The network table includes additional statistics on the centrality of each
edge, measured as betweenness centrality assuming edges to be both directed
(`centrality_dir`) and undirected (`centrality_undir`). More central edges
reflect connections between objects that are more central to package
functionality, and vice versa. The distinct components of the network are also
represented by discrete cluster numbers, calculated both for directed and
undirected versions of the network. Each distinct cluster number represents
a distinct group of objects, internally related to other members of the same
cluster, yet independent of all objects with different cluster numbers.

The network can be viewed as an interactive [`vis.js`](https://visjs.org/)
network through passing the result of `pkgstats` -- the variable `p` in the
code above -- to the [`plot_network()`
function](https://docs.ropensci.org/pkgstats/reference/plot_network.html).

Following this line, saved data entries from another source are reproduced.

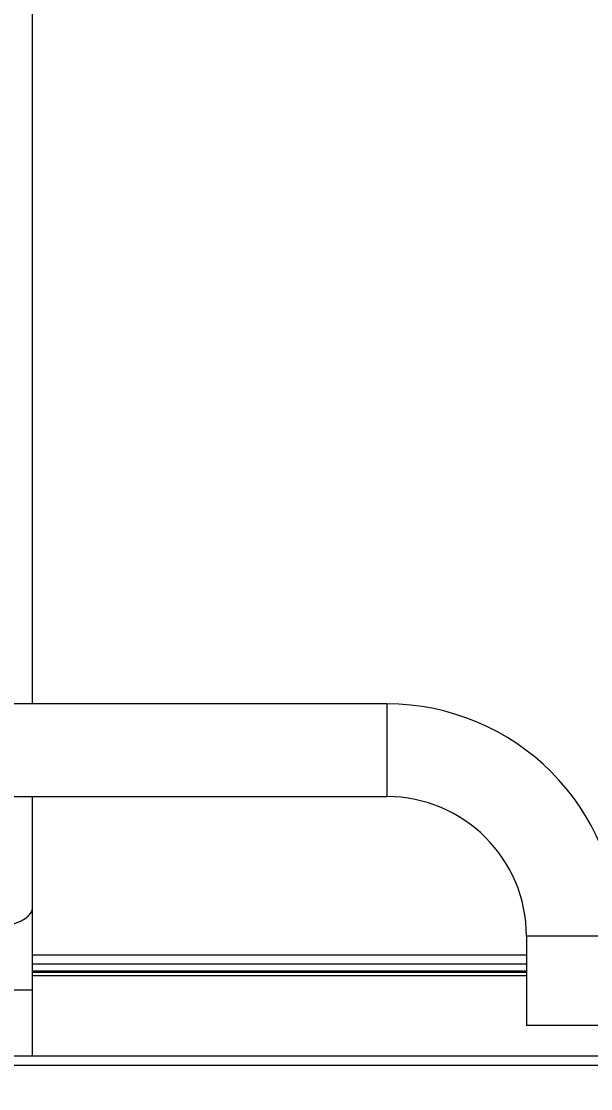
# Model space of a CAD drawing. Header units: millimetres. Extents: x 113490 to 142599, y -20467 to 115.
# Drawn here: x 137344.5 to 137558.7, y -7310.8 to -6908.9 of the extents above; entities that cross this region are included whole.
import ezdxf

# ---------------------------------------------------------------- set-up
doc = ezdxf.new("R2010")
doc.units = ezdxf.units.MM
doc.layers.add('DV2_0', color=7, linetype='Continuous')
doc.styles.get("Standard").update_dxf_attribs({"font": 'msyh.ttf'})
doc.dimstyles.new('ISO-25', dxfattribs={"dimtxt": 2.5, "dimasz": 2.5, "dimexe": 1.25, "dimexo": 0.625, "dimtad": 1, "dimtxsty": 'Standard', "dimcen": 2.5, "dimadec": 0, "dimazin": 0, "dimtfac": 1, "dimtmove": 0, "dimatfit": 3, "dimfxl": 1, "dimarcsym": 0})

# ---------------------------------------------------------------- blocks, each defined once
blk = doc.blocks.new('*D16')
at = {"color": 0, "lineweight": -2}
for p, q in [((137075.04, -7126.86), (137075.04, -8732.78)), ((139355.04, -7126.86), (139355.04, -8732.78)), ((137135.04, -8702.78), (139295.04, -8702.78))]:
    blk.add_line(p, q, dxfattribs=at)
at = {"color": 0}
for points in [[(137135.04, -8692.78), (137135.04, -8712.78), (137075.04, -8702.78)], [(139295.04, -8692.78), (139295.04, -8712.78), (139355.04, -8702.78)]]:
    blk.add_solid(points, dxfattribs=at)
at = {"layer": 'Defpoints', "color": 0}
for p in [(137075.04, -7125.86), (139355.04, -7125.86), (139355.04, -8702.78)]:
    blk.add_point(p, dxfattribs=at)
at = {"color": 0, "insert": (138215.04, -8656.94), "char_height": 50, "attachment_point": 5}
blk.add_mtext('2270', dxfattribs=at)

msp = doc.modelspace()

# ---------------------------------------------------------------- linework, layer by layer
at = {"layer": 'DV2_0', "color": 7, "linetype": 'Continuous', "lineweight": 15}
for p, q in [((137348.67, -7165.92), (137348.67, -6394.85)), ((137482.04, -7165.92), (137219.63, -7165.92)), ((137219.63, -7200.82), (137482.04, -7200.82)), ((137348.67, -7242.72), (137348.67, -7200.82)), ((137348.67, -7273.65), (137348.67, -7242.72)), ((137534.59, -7253.37), (137534.59, -7286.97)), ((137534.59, -7260.53), (137348.67, -7260.53)), ((137534.59, -7267.09), (137348.67, -7267.09)), ((137534.59, -7268.25), (137348.67, -7268.25)), ((137348.67, -7298.37), (137348.67, -7273.65)), ((137569.49, -7286.97), (137534.59, -7286.97)), ((137216.03, -7298.37), (139214.03, -7298.37))]:
    msp.add_line(p, q, dxfattribs=at)
at = {"layer": 'DV2_0', "color": 7, "linetype": 'Continuous', "lineweight": 20}
for p, q in [((137482.04, -7165.92), (137482.04, -7200.82)), ((137569.49, -7253.37), (137534.59, -7253.37)), ((137534.59, -7263.92), (137348.67, -7263.92)), ((137534.59, -7266.53), (137348.67, -7266.53)), ((137348.67, -7273.65), (137307.41, -7273.65)), ((137216.03, -7301.97), (139214.03, -7301.97))]:
    msp.add_line(p, q, dxfattribs=at)
at = {"layer": 'DV2_0', "color": 7, "linetype": 'Continuous', "lineweight": 15}
for radius in [87.45, 52.55]:
    msp.add_arc((137482.04, -7253.37), radius, 0, 90, dxfattribs=at)
at = {"layer": 'DV2_0', "color": 7, "linetype": 'Continuous', "lineweight": 20}
msp.add_ellipse((137328.04, -7242.72), major_axis=(-20.63, 0), ratio=0.386711, start_param=0, end_param=3.141593, dxfattribs=at)

# ---------------------------------------------------------------- dimensions: what is measured, and where the dimension line sits
at = {"color": 1}
dim = msp.add_linear_dim(base=(139355.04, -8702.78), p1=(137075.04, -7125.86), p2=(139355.04, -7125.86), text='2270', dimstyle='ISO-25', override={"dimtxt": 50, "dimasz": 60, "dimexe": 30, "dimexo": 1, "dimgap": 20, "dimdec": 0}, dxfattribs=at)
dim.commit()
dim.dimension.update_dxf_attribs({"geometry": '*D16', "text_midpoint": (138215.04, -8656.94)})

doc.saveas('drawing.dxf')

## `"external_calls"`: All calls made to all R functions

The `external_calls` item is structured similar to the `network` object, but
identifies all calls to functions from external packages. However, unlike the
`network` and `object` data, which provide information on objects and
relationships in all computer languages used within a package, the
`external_calls` object maps calls within R code only, in order to provide
insight into the use within a package of of functions from other packages,
including R's base and recommended packages. The object looks like this:

```{r external_calls-fakey, echo = FALSE}
s$external_calls <- data.frame (
    tags_line = 1:6,
    call = c (
        "c",
        rep ("character", 2L),
        "logical",
        "integer",
        "left_join"
    ),
    tag = c (
        "GTAGSLABEL",
        "file_name",
        "fn_name",
        "has_dots",
        "loc",
        "name"
    ),
    file = c (
        "R/ctags-test.R",
        rep ("R/pkgstats.R", 4L),
        "R/plot.R"
    ),
    kind = rep ("nameattr", 6L),
    start = c (109L, 185L, 186L, 189L, 187L, 89L),
    end = c (109L, 185L, 186L, 189L, 187L, 89L),
    package = c (rep ("base", 5L), "dplyr")
)
```


```{r ext-call-head}
head (s$external_calls)
```

These data are converted to a summary form by the [`pkgstats_summary()`
function](https://docs.ropensci.org/pkgstats/reference/pkgstats_summary.html),
which tabulates numbers of external calls and unique functions from each
package. These data are presented as a single character string which looks like
this:

```{r ext-call-summary, eval = FALSE}
s_summ <- pkgstats_summary (s)
print (s_summ$external_calls)
```
```{r ext-call-sumamry-fakey, echo = FALSE}
s_summ <- list (external_calls = paste0 (c (
    "base:581:84",
    "brio:11:2",
    "curl:4:3",
    "dplyr:7:4",
    "fs:4:2",
    "graphics:10:2",
    "hms:2:1",
    "igraph:3:3",
    "parallel:2:1",
    "pkgstats:126:73",
    "readr:8:5",
    "stats:19:3",
    "sys:14:1",
    "tools:3:2",
    "utils:22:7",
    "visNetwork:3:2",
    "withr:6:2"
), collapse = ","))
```

These data can be easily converted to the corresponding numeric values using
code like the following:

```{r ext-call-details, eval = TRUE}
x <- strsplit (s_summ$external_calls, ",") [[1]]
x <- do.call (rbind, strsplit (x, ":"))
x <- data.frame (
    pkg = x [, 1],
    n_total = as.integer (x [, 2]),
    n_unique = as.integer (x [, 3])
)
x$n_total_rel <- round (x$n_total / sum (x$n_total), 3)
x$n_unique_rel <- round (x$n_unique / sum (x$n_unique), 3)
print (x)
```

Those data reveal, for example, that this package makes 
`r x$n_total [x$pkg == "base"]` individual calls to
`r x$n_unique [x$pkg == "base"]` unique functions from the "base" package.